- Created: 5 April 1987
- Location: La Nación
- Author: Promoted by Jacobo Schifter
- Signatories: 153 public, academic and cultural figures
- Subject: LGBT rights in Costa Rica

= Letter of April 5th =

1987 Costa Rican document on LGBT rights

The Letter of 5 April (Carta del 5 de abril) was a document published on 5 April 1987 in the newspaper La Nación in Costa Rica. It was promoted by researcher Jacobo Schifter and called for an end to discrimination against people of the LGBTQ community and an end to police raids in Costa Rica. The document was signed by 153 public, academic and cultural figures.

== Background ==
In the late 1980s, repression against the LGBT community in Costa Rica increased. This happened during the early years of the HIV/AIDS crisis, especially in the capital, San José. The Costa Rican authorities responded with police actions, including nighttime raids on places where gay men gathered. The government also required public employees to take blood tests showing that they were negative for HIV.

== Publication and content ==
The letter was published on page 37 of La Nación on 5 April 1987 as a paid advertisement. Its full title was Carta abierta a los señores Ministros de Salud, de Seguridad y Gobernación, Sr. Edgar Mohs, Sr. Hernán Garrón y Lic. Rolando Ramírez.

The letter was addressed to three ministers in the government of President Óscar Arias: Edgar Mohs, the minister of health; Hernán Garrón Salazar, the minister of public security; and Rolando Ramírez, the minister of government.
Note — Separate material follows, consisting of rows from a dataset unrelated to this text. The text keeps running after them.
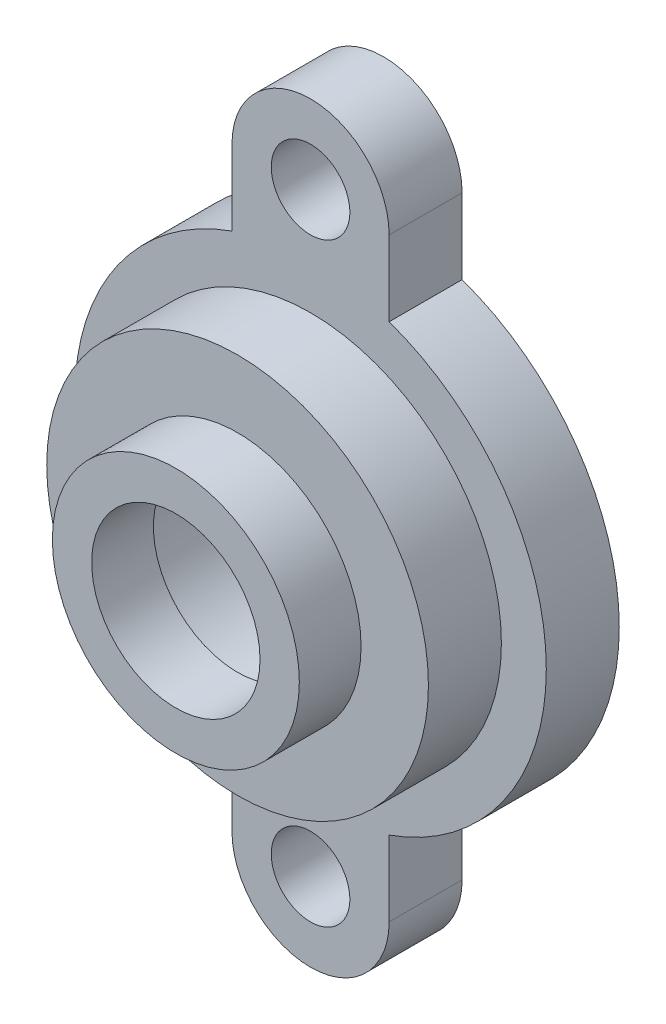
ISO-10303-21;
HEADER;
FILE_DESCRIPTION(('STEP AP214'),'2;1');
FILE_NAME('part.step','',(''),(''),'','','');
FILE_SCHEMA(('AUTOMOTIVE_DESIGN { 1 0 10303 214 1 1 1 1 }'));
ENDSEC;
DATA;
#1=APPLICATION_CONTEXT('core data for automotive mechanical design processes');
#2=APPLICATION_PROTOCOL_DEFINITION('international standard','automotive_design',2000,#1);
#3=PRODUCT_CONTEXT('',#1,'mechanical');
#4=PRODUCT('Part','Part','',(#3));
#5=PRODUCT_RELATED_PRODUCT_CATEGORY('part','',(#4));
#6=PRODUCT_DEFINITION_FORMATION('','',#4);
#7=PRODUCT_DEFINITION_CONTEXT('part definition',#1,'design');
#8=PRODUCT_DEFINITION('design','',#6,#7);
#9=PRODUCT_DEFINITION_SHAPE('','',#8);
#10=(LENGTH_UNIT() NAMED_UNIT(*) SI_UNIT(.MILLI.,.METRE.));
#11=(NAMED_UNIT(*) PLANE_ANGLE_UNIT() SI_UNIT($,.RADIAN.));
#12=(NAMED_UNIT(*) SI_UNIT($,.STERADIAN.) SOLID_ANGLE_UNIT());
#13=UNCERTAINTY_MEASURE_WITH_UNIT(LENGTH_MEASURE(1.E-05),#10,'distance_accuracy_value','');
#14=(GEOMETRIC_REPRESENTATION_CONTEXT(3) GLOBAL_UNCERTAINTY_ASSIGNED_CONTEXT((#13)) GLOBAL_UNIT_ASSIGNED_CONTEXT((#10,
#11,#12)) REPRESENTATION_CONTEXT('',''));
#15=CARTESIAN_POINT('',(0.,0.,0.));
#16=DIRECTION('',(0.,0.,1.));
#17=DIRECTION('',(1.,0.,0.));
#18=AXIS2_PLACEMENT_3D('',#15,#16,#17);
#19=CARTESIAN_POINT('',(0.,0.,6.5));
#20=DIRECTION('',(0.,0.,-1.));
#21=DIRECTION('',(-1.,0.,0.));
#22=AXIS2_PLACEMENT_3D('',#19,#20,#21);
#23=CYLINDRICAL_SURFACE('',#22,21.);
#24=DIRECTION('',(0.,0.,-1.));
#25=VECTOR('',#24,1.);
#26=CARTESIAN_POINT('',(7.,19.7989898732233,6.5));
#27=LINE('',#26,#25);
#28=CARTESIAN_POINT('',(7.,19.7989898732233,6.5));
#29=VERTEX_POINT('',#28);
#30=CARTESIAN_POINT('',(7.,19.7989898732233,0.));
#31=VERTEX_POINT('',#30);
#32=EDGE_CURVE('E140',#29,#31,#27,.T.);
#33=ORIENTED_EDGE('',*,*,#32,.F.);
#34=CARTESIAN_POINT('',(0.,0.,6.5));
#35=DIRECTION('',(0.,0.,1.));
#36=DIRECTION('',(1.,0.,0.));
#37=AXIS2_PLACEMENT_3D('',#34,#35,#36);
#38=CIRCLE('',#37,21.);
#39=CARTESIAN_POINT('',(7.,-19.7989898732233,6.5));
#40=VERTEX_POINT('',#39);
#41=EDGE_CURVE('E47',#40,#29,#38,.T.);
#42=ORIENTED_EDGE('',*,*,#41,.F.);
#43=DIRECTION('',(0.,0.,-1.));
#44=VECTOR('',#43,1.);
#45=CARTESIAN_POINT('',(7.,-19.7989898732233,6.5));
#46=LINE('',#45,#44);
#47=CARTESIAN_POINT('',(7.,-19.7989898732233,0.));
#48=VERTEX_POINT('',#47);
#49=EDGE_CURVE('E110',#48,#40,#46,.F.);
#50=ORIENTED_EDGE('',*,*,#49,.F.);
#51=CARTESIAN_POINT('',(0.,0.,0.));
#52=DIRECTION('',(0.,0.,1.));
#53=DIRECTION('',(1.,0.,0.));
#54=AXIS2_PLACEMENT_3D('',#51,#52,#53);
#55=CIRCLE('',#54,21.);
#56=EDGE_CURVE('E42',#48,#31,#55,.T.);
#57=ORIENTED_EDGE('',*,*,#56,.T.);
#58=EDGE_LOOP('',(#33,#42,#50,#57));
#59=FACE_BOUND('',#58,.T.);
#60=ADVANCED_FACE('F39',(#59),#23,.T.);
#61=DIRECTION('',(0.,0.,-1.));
#62=VECTOR('',#61,1.);
#63=CARTESIAN_POINT('',(-7.,-19.7989898732233,6.5));
#64=LINE('',#63,#62);
#65=CARTESIAN_POINT('',(-7.,-19.7989898732233,6.5));
#66=VERTEX_POINT('',#65);
#67=CARTESIAN_POINT('',(-7.,-19.7989898732233,0.));
#68=VERTEX_POINT('',#67);
#69=EDGE_CURVE('E61',#66,#68,#64,.T.);
#70=ORIENTED_EDGE('',*,*,#69,.F.);
#71=CARTESIAN_POINT('',(-7.,19.7989898732233,6.5));
#72=VERTEX_POINT('',#71);
#73=EDGE_CURVE('E11',#72,#66,#38,.T.);
#74=ORIENTED_EDGE('',*,*,#73,.F.);
#75=DIRECTION('',(0.,0.,-1.));
#76=VECTOR('',#75,1.);
#77=CARTESIAN_POINT('',(-7.,19.7989898732233,6.5));
#78=LINE('',#77,#76);
#79=CARTESIAN_POINT('',(-7.,19.7989898732233,0.));
#80=VERTEX_POINT('',#79);
#81=EDGE_CURVE('E128',#80,#72,#78,.F.);
#82=ORIENTED_EDGE('',*,*,#81,.F.);
#83=EDGE_CURVE('E142',#80,#68,#55,.T.);
#84=ORIENTED_EDGE('',*,*,#83,.T.);
#85=EDGE_LOOP('',(#70,#74,#82,#84));
#86=FACE_BOUND('',#85,.T.);
#87=ADVANCED_FACE('F177',(#86),#23,.T.);
#88=CARTESIAN_POINT('',(0.,0.,6.5));
#89=DIRECTION('',(0.,0.,1.));
#90=DIRECTION('',(1.,0.,0.));
#91=AXIS2_PLACEMENT_3D('',#88,#89,#90);
#92=PLANE('',#91);
#93=CARTESIAN_POINT('',(0.,0.,6.5));
#94=DIRECTION('',(0.,0.,1.));
#95=DIRECTION('',(1.,0.,0.));
#96=AXIS2_PLACEMENT_3D('',#93,#94,#95);
#97=CIRCLE('',#96,17.);
#98=CARTESIAN_POINT('',(17.,0.,6.5));
#99=VERTEX_POINT('',#98);
#100=EDGE_CURVE('E187',#99,#99,#97,.F.);
#101=ORIENTED_EDGE('',*,*,#100,.T.);
#102=EDGE_LOOP('',(#101));
#103=FACE_BOUND('',#102,.T.);
#104=CARTESIAN_POINT('',(0.,26.5,6.5));
#105=DIRECTION('',(0.,0.,1.));
#106=DIRECTION('',(1.,0.,0.));
#107=AXIS2_PLACEMENT_3D('',#104,#105,#106);
#108=CIRCLE('',#107,3.5);
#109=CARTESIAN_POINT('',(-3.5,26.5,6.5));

The document was signed by 153 professionals, politicians, academics and cultural figures. Among the signers were faculty members from the National University of Costa Rica and academics including Quince Duncan, Elizabeth Odio and Víctor Hugo Acuña.

== Impact ==
The letter became an important event in the history of the LGBT community in Costa Rica. It is considered a turning point in the struggle for LGBT rights in the country. After the letter was published, the police raids and the required blood tests for public employees were stopped.